In this post, you’ll learn how to do yoga stretches that’ll make your tight hips more flexible.
As people grow older most body parts lose their flexibility and become stiff.
You might even feel pain from your joints hence you can choose to start on your journey for yoga.
So let us review in detail some great yoga hip stretches.
Let’s dive in.
1. The high crescent lunge
This yoga hip stretch focuses on the hip flexors and quads.
While doing a high crescent lunge, here are the steps to follow for a perfect high crescent lunge pose.
In a standing position, advance the left foot forward while leaving the right foot at the initial position.
Set your feet apart at almost the whole mat-length in a staggered stance.
Bend your left knee and set straight your back leg with your right heel slightly lifted off the floor. Your left thigh should be parallel to the floor for a perfect stretch.
Stretch your arms towards the ceiling on both sides of your head. As you press into the floor you should feel your hips stretching.
Hold this position at least for 10 seconds and then repeat the same process on the alternate side.
2. Low lunge
This is one of the simple yet effective yoga stretches for tight hips.
It’s easy to follow the high crescent lunge.
If you are in the high crescent lunge, you can directly drop your back knee to the floor, laying the lower leg flat on the mat.
Hold this position for at least 10 seconds and then switch sides.
3. Lizard pose
From the low lunge position, here’s how to do it:
Use the support of your back foot to raise your hips inches from the ground. And square the front foot out to the side
Keep the back knee off the floor and straighten your back, while giving a decent stretch to your thighs
If you can, lower your forearms to the floor to allow a deeper stretch.
Keep the pose for about 10 seconds and then switch
4. Lizard lunge twist
From your lizard pose:
Put the back knee on the floor and bend your lower leg for your toes to reach up
With the opposite arm grab the back leg ankle
Begin to twist your back opening your chest towards the sky
You can put your forearms on the floor depending on your flexibility.
5. Outer hip lizard pose
This is a variation of the lizard lunge twist which focuses on the outer hip muscles.
Follow these steps to perfect this position:
Bring your back knee to the floor. And stretch your lower leg in a way that most of your back leg thighs get in contact with the floor.

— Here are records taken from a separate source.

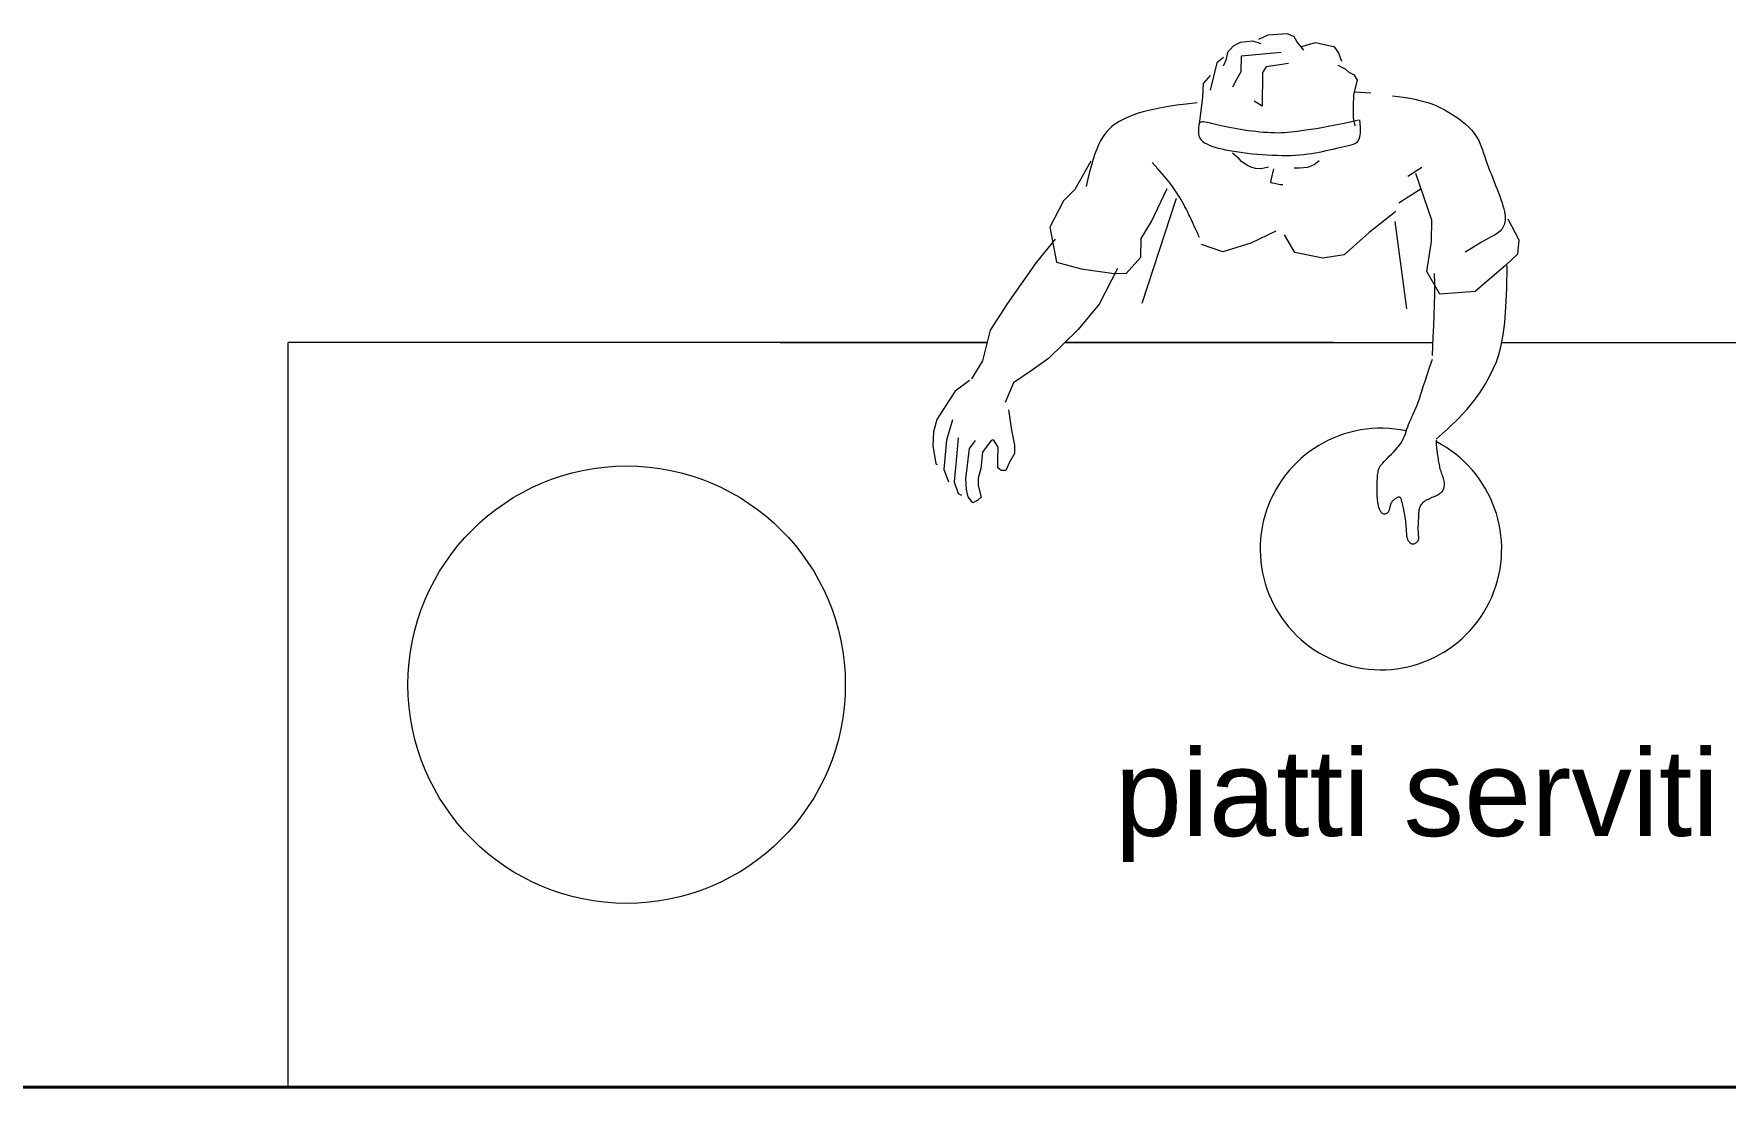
# Model space of a CAD drawing. Header units: inches. Extents: x -2770 to 3095, y -2847 to 3009.
# Drawn here: x 43.838 to 44.888, y 110.619 to 111.273 of the extents above; entities that cross this region are included whole.
import ezdxf

# ---------------------------------------------------------------- set-up
doc = ezdxf.new("R2010")
doc.units = ezdxf.units.IN
doc.header["$LTSCALE"] = 0.1
doc.header["$MEASUREMENT"] = 0
doc.layers.add('ARREDI attrezzature - furniture', color=175, linetype='Continuous', lineweight=9)
doc.layers.add('MURATURA sezioni - section wall', color=7, linetype='Continuous', lineweight=40)
doc.layers.add('SCRITTE - txt', color=252, linetype='Continuous')
doc.styles.get("Standard").update_dxf_attribs({"font": 'Arial.ttf'})

msp = doc.modelspace()

# ---------------------------------------------------------------- linework, layer by layer
at = {"layer": 'ARREDI attrezzature - furniture'}
for p, q in [((44.58669, 111.26764), (44.58238, 111.26553)), ((44.59472, 111.26862), (44.58669, 111.26764)), ((44.59973, 111.26681), (44.59472, 111.26862)), ((44.6039, 111.27216), (44.59809, 111.26966)), ((44.61621, 111.27309), (44.6039, 111.27216)), ((44.62029, 111.27128), (44.61621, 111.27309)), ((44.62193, 111.26829), (44.62029, 111.27128)), ((44.62633, 111.26284), (44.62193, 111.26829)), ((44.57633, 111.25832), (44.57238, 111.25513)), ((44.57818, 111.25722), (44.57626, 111.25292)), ((44.57898, 111.26153), (44.57818, 111.25762)), ((44.57818, 111.25762), (44.57818, 111.25722)), ((44.58238, 111.26553), (44.57898, 111.26153)), ((44.58734, 111.25926), (44.58722, 111.24941)), ((44.61215, 111.26153), (44.58734, 111.25926)), ((44.62955, 111.26644), (44.62487, 111.26502)), ((44.63366, 111.26747), (44.62955, 111.26644)), ((44.64555, 111.26476), (44.63366, 111.26747)), ((44.64775, 111.2615), (44.64555, 111.26476)), ((44.64992, 111.25594), (44.64775, 111.2615)), ((44.56818, 111.24721), (44.56383, 111.24214)), ((44.57238, 111.25513), (44.56807, 111.23804)), ((44.58722, 111.24941), (44.58455, 111.24472)), ((44.60063, 111.24898), (44.60038, 111.22819)), ((44.60291, 111.2526), (44.60063, 111.24898)), ((44.61673, 111.25459), (44.60291, 111.2526)), ((44.65229, 111.25118), (44.64765, 111.2534)), ((44.65449, 111.249), (44.65229, 111.25118)), ((44.65783, 111.24747), (44.65449, 111.249)), ((44.65966, 111.24421), (44.65783, 111.24747)), ((44.56383, 111.24214), (44.56336, 111.23377)), ((44.58455, 111.24472), (44.58207, 111.24003)), ((44.65731, 111.23546), (44.65966, 111.24421)), ((44.65826, 111.23707), (44.66792, 111.23651)), ((44.5337, 111.2264), (44.52999, 111.22555)), ((44.53778, 111.2272), (44.5337, 111.2264)), ((44.54232, 111.22797), (44.53778, 111.2272)), ((44.54746, 111.22871), (44.54232, 111.22797)), ((44.5533, 111.22945), (44.54746, 111.22871)), ((44.55997, 111.23019), (44.5533, 111.22945)), ((44.56336, 111.23377), (44.56129, 111.21706)), ((44.60038, 111.22819), (44.59538, 111.23122)), ((44.65713, 111.22089), (44.65722, 111.22791)), ((44.65722, 111.22791), (44.65731, 111.23546)), ((44.68135, 111.23467), (44.68499, 111.23422)), ((44.68499, 111.23422), (44.68808, 111.23377)), ((44.68808, 111.23377), (44.69083, 111.23331)), ((44.69083, 111.23331), (44.69345, 111.23284)), ((44.69345, 111.23284), (44.69599, 111.23234)), ((44.69599, 111.23234), (44.69846, 111.23179)), ((44.69846, 111.23179), (44.70091, 111.23115)), ((44.70091, 111.23115), (44.70334, 111.23042)), ((44.70334, 111.23042), (44.7058, 111.22956)), ((44.7058, 111.22956), (44.7083, 111.22856)), ((44.7083, 111.22856), (44.71088, 111.22739)), ((44.71088, 111.22739), (44.71353, 111.22603)), ((44.71353, 111.22603), (44.71624, 111.22451)), ((44.50662, 111.21512), (44.50516, 111.21376)), ((44.50819, 111.21636), (44.50662, 111.21512)), ((44.50987, 111.21752), (44.50819, 111.21636)), ((44.51169, 111.21863), (44.50987, 111.21752)), ((44.51366, 111.21971), (44.51169, 111.21863)), ((44.5158, 111.22076), (44.51366, 111.21971)), ((44.51814, 111.22179), (44.5158, 111.22076)), ((44.5207, 111.22278), (44.51814, 111.22179)), ((44.52351, 111.22374), (44.5207, 111.22278)), ((44.5266, 111.22467), (44.52351, 111.22374)), ((44.52999, 111.22555), (44.5266, 111.22467)), ((44.56094, 111.21515), (44.56088, 111.21434)), ((44.56102, 111.21589), (44.56094, 111.21515)), ((44.56115, 111.21656), (44.56102, 111.21589)), ((44.56134, 111.21715), (44.56115, 111.21656)), ((44.56162, 111.21764), (44.56134, 111.21715)), ((44.56201, 111.21802), (44.56162, 111.21764)), ((44.56253, 111.21829), (44.56201, 111.21802)), ((44.5632, 111.21843), (44.56253, 111.21829)), ((44.56404, 111.21844), (44.5632, 111.21843)), ((44.56506, 111.21833), (44.56404, 111.21844)), ((44.56623, 111.21812), (44.56506, 111.21833)), ((44.56754, 111.21783), (44.56623, 111.21812)), ((44.569, 111.21746), (44.56754, 111.21783)), ((44.5706, 111.21706), (44.569, 111.21746)), ((44.57231, 111.21662), (44.5706, 111.21706)), ((44.57414, 111.21616), (44.57231, 111.21662)), ((44.57607, 111.21571), (44.57414, 111.21616)), ((44.5781, 111.21527), (44.57607, 111.21571)), ((44.58021, 111.21484), (44.5781, 111.21527)), ((44.64145, 111.21548), (44.63751, 111.21478)), ((44.64569, 111.21628), (44.64145, 111.21548)), ((44.65025, 111.21721), (44.64569, 111.21628)), ((44.65511, 111.21828), (44.65025, 111.21721)), ((44.66029, 111.2195), (44.65511, 111.21828)), ((44.65819, 111.21588), (44.65713, 111.22089)), ((44.66146, 111.21518), (44.66103, 111.21976)), ((44.6615, 111.21166), (44.66146, 111.21518)), ((44.71624, 111.22451), (44.71893, 111.22284)), ((44.71893, 111.22284), (44.72158, 111.22106)), ((44.72158, 111.22106), (44.72411, 111.21919)), ((44.72411, 111.21919), (44.72649, 111.21724)), ((44.72649, 111.21724), (44.72867, 111.21525)), ((44.72867, 111.21525), (44.73058, 111.21324)), ((44.50002, 111.20656), (44.49884, 111.20417)), ((44.50123, 111.20868), (44.50002, 111.20656)), ((44.50247, 111.21057), (44.50123, 111.20868)), ((44.50378, 111.21225), (44.50247, 111.21057)), ((44.50516, 111.21376), (44.50378, 111.21225)), ((44.56083, 111.21349), (44.5608, 111.21259)), ((44.5608, 111.21259), (44.56083, 111.21166)), ((44.56088, 111.21434), (44.56083, 111.21349)), ((44.56083, 111.21166), (44.56093, 111.21072)), ((44.56093, 111.21072), (44.56115, 111.20977)), ((44.56115, 111.20977), (44.56149, 111.20884)), ((44.56149, 111.20884), (44.562, 111.20793)), ((44.562, 111.20793), (44.56269, 111.20706)), ((44.56269, 111.20706), (44.56359, 111.20623)), ((44.56359, 111.20623), (44.56469, 111.20544)), ((44.56469, 111.20544), (44.566, 111.2047)), ((44.566, 111.2047), (44.5675, 111.204)), ((44.5824, 111.21442), (44.58021, 111.21484)), ((44.58465, 111.21402), (44.5824, 111.21442)), ((44.58696, 111.21363), (44.58465, 111.21402)), ((44.58932, 111.21327), (44.58696, 111.21363)), ((44.59171, 111.21293), (44.58932, 111.21327)), ((44.59413, 111.21262), (44.59171, 111.21293)), ((44.59655, 111.21234), (44.59413, 111.21262)), ((44.59897, 111.2121), (44.59655, 111.21234)), ((44.60136, 111.21189), (44.59897, 111.2121)), ((44.60371, 111.21172), (44.60136, 111.21189)), ((44.60599, 111.21159), (44.60371, 111.21172)), ((44.6082, 111.21152), (44.60599, 111.21159)), ((44.6103, 111.21149), (44.6082, 111.21152)), ((44.6123, 111.21152), (44.6103, 111.21149)), ((44.61424, 111.2116), (44.6123, 111.21152)), ((44.61617, 111.21174), (44.61424, 111.2116)), ((44.61815, 111.21192), (44.61617, 111.21174)), ((44.62022, 111.21216), (44.61815, 111.21192)), ((44.62245, 111.21246), (44.62022, 111.21216)), ((44.62488, 111.21281), (44.62245, 111.21246)), ((44.62758, 111.2132), (44.62488, 111.21281)), ((44.63058, 111.21366), (44.62758, 111.2132)), ((44.63389, 111.21418), (44.63058, 111.21366)), ((44.63751, 111.21478), (44.63389, 111.21418)), ((44.65564, 111.20422), (44.65715, 111.20462)), ((44.65715, 111.20462), (44.65849, 111.20515)), ((44.65849, 111.20515), (44.65964, 111.20596)), ((44.65964, 111.20596), (44.66055, 111.20721)), ((44.66055, 111.20721), (44.66118, 111.20906)), ((44.66118, 111.20906), (44.6615, 111.21166)), ((44.73058, 111.21324), (44.73221, 111.21123)), ((44.73221, 111.21123), (44.73356, 111.20922)), ((44.73356, 111.20922), (44.7347, 111.2072)), ((44.7347, 111.2072), (44.73567, 111.20516)), ((44.73567, 111.20516), (44.7365, 111.20311)), ((44.49396, 111.1941), (44.48406, 111.1764)), ((44.49544, 111.19518), (44.49434, 111.19151)), ((44.49655, 111.19849), (44.49544, 111.19518)), ((44.49768, 111.20148), (44.49655, 111.19849)), ((44.49884, 111.20417), (44.49768, 111.20148)), ((44.5675, 111.204), (44.56919, 111.20335)), ((44.56919, 111.20335), (44.57106, 111.20273)), ((44.57106, 111.20273), (44.57311, 111.20214)), ((44.57311, 111.20214), (44.57533, 111.20159)), ((44.57533, 111.20159), (44.57771, 111.20107)), ((44.57771, 111.20107), (44.58023, 111.20059)), ((44.58023, 111.20059), (44.58288, 111.20013)), ((44.58619, 111.19556), (44.58194, 111.19899)), ((44.58288, 111.20013), (44.58564, 111.19971)), ((44.58564, 111.19971), (44.5885, 111.19933)), ((44.58766, 111.19379), (44.58619, 111.19556)), ((44.5885, 111.19933), (44.59143, 111.19898)), ((44.59143, 111.19898), (44.59441, 111.19866)), ((44.59441, 111.19866), (44.59744, 111.19837)), ((44.59744, 111.19837), (44.60048, 111.19813)), ((44.60048, 111.19813), (44.60353, 111.19792)), ((44.60353, 111.19792), (44.60657, 111.19776)), ((44.60657, 111.19776), (44.60958, 111.19764)), ((44.60958, 111.19764), (44.61256, 111.19758)), ((44.61256, 111.19758), (44.61547, 111.19758)), ((44.61547, 111.19758), (44.61831, 111.19763)), ((44.61831, 111.19763), (44.62107, 111.19775)), ((44.62107, 111.19775), (44.62372, 111.19793)), ((44.62372, 111.19793), (44.62628, 111.19818)), ((44.62628, 111.19818), (44.62875, 111.19848)), ((44.62875, 111.19848), (44.63115, 111.19883)), ((44.63115, 111.19883), (44.63348, 111.19922)), ((44.63575, 111.19429), (44.63274, 111.19176)), ((44.63348, 111.19922), (44.63576, 111.19964)), ((44.63576, 111.19964), (44.63799, 111.20009)), ((44.63799, 111.20009), (44.64017, 111.20055)), ((44.64017, 111.20055), (44.64233, 111.20103)), ((44.64233, 111.20103), (44.64445, 111.20151)), ((44.64445, 111.20151), (44.64651, 111.20199)), ((44.64651, 111.20199), (44.64851, 111.20247)), ((44.64851, 111.20247), (44.65043, 111.20294)), ((44.65043, 111.20294), (44.65227, 111.20339)), ((44.65227, 111.20339), (44.65401, 111.20382)), ((44.65401, 111.20382), (44.65564, 111.20422)), ((44.7365, 111.20311), (44.73725, 111.20103)), ((44.73725, 111.20103), (44.73796, 111.19893)), ((44.73796, 111.19893), (44.73868, 111.19679)), ((44.73868, 111.19679), (44.73943, 111.19461)), ((44.73943, 111.19461), (44.74023, 111.1924)), ((44.49327, 111.18747), (44.49221, 111.18304)), ((44.49434, 111.19151), (44.49327, 111.18747)), ((44.53565, 111.18923), (44.53216, 111.19309)), ((44.53858, 111.18588), (44.53565, 111.18923)), ((44.54102, 111.18298), (44.53858, 111.18588)), ((44.59154, 111.19118), (44.58766, 111.19379)), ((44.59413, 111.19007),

Rest your forearm on the floor for a deeper stretch and open your chest slightly towards the sky.
If you can, twist your front foot to widen your front leg angle away from your body.
Use the opposite hand to the front leg for balance and support.
6. Downward dog
To begin with, this pose, put your feet hip-width apart.
Place your palms flat on the floor and let your belly move in and up towards the spine.
Hold the position for at least 10 seconds.
7. Pigeon pose
From the downward facing dog position:
Bring your left leg in front and place it underneath your body in front of you. Make sure your shin is parallel to the top of your mat.
Stretch your right leg straight behind you, flattening the top of your foot on the floor.
Flex your left foot while keeping your right hip as close to the mat as possible.
Use your arms to keep your back straight with a full upward stretch. You can stretch further by resting your head on the ground.
8. Supine pigeon
This position stretches the outer hip muscles.
Here’s how to do it:
Lie flat on your back with both of your feet on the floor.
Cross your left foot over the opposite thigh.
Raise your right leg off the ground; pull it towards your chest by holding your back.
Stretch for about 10 seconds.
9. Garland pose
This position stretches the inner thigh muscles. It’s one of the effective yoga stretches if you have tight hips.
Here’s how to do it:
Assume a seated position, and space your feet to slightly more than your shoulder width.
Rest your feet flat on the floor, with your toes facing out and keep your back straight.
Put your palms together in a prayer position allowing your elbows to face outwards
Place your elbows on the inside of your leg joint and press your knees to open.
Remain in this position for about 10 seconds.
10. Happy baby
This yoga position stretches your inner thigh muscles.
Lie on your back and with your feet flat on the floor.
Raise your feet so you can grab the outer edge of your feet with your hands.
Keep your whole back in contact with the floor. And pull your feet towards your chest allowing them to lower towards the floor on both sides of your body.
Hold this position for at least 10 seconds.
11. Bridge up
This is one of the best yoga stretches for tight hips. To do this stretch:
Lay flat of your back arms extended on your sides, with your feet flat on the floor.
Use your heels to raise your hips, bend your knees upwards while bringing your feet closer to your body.
Intertwine your fingers underneath your body and press your fist into the mat.
Stay in this position for about 10 seconds.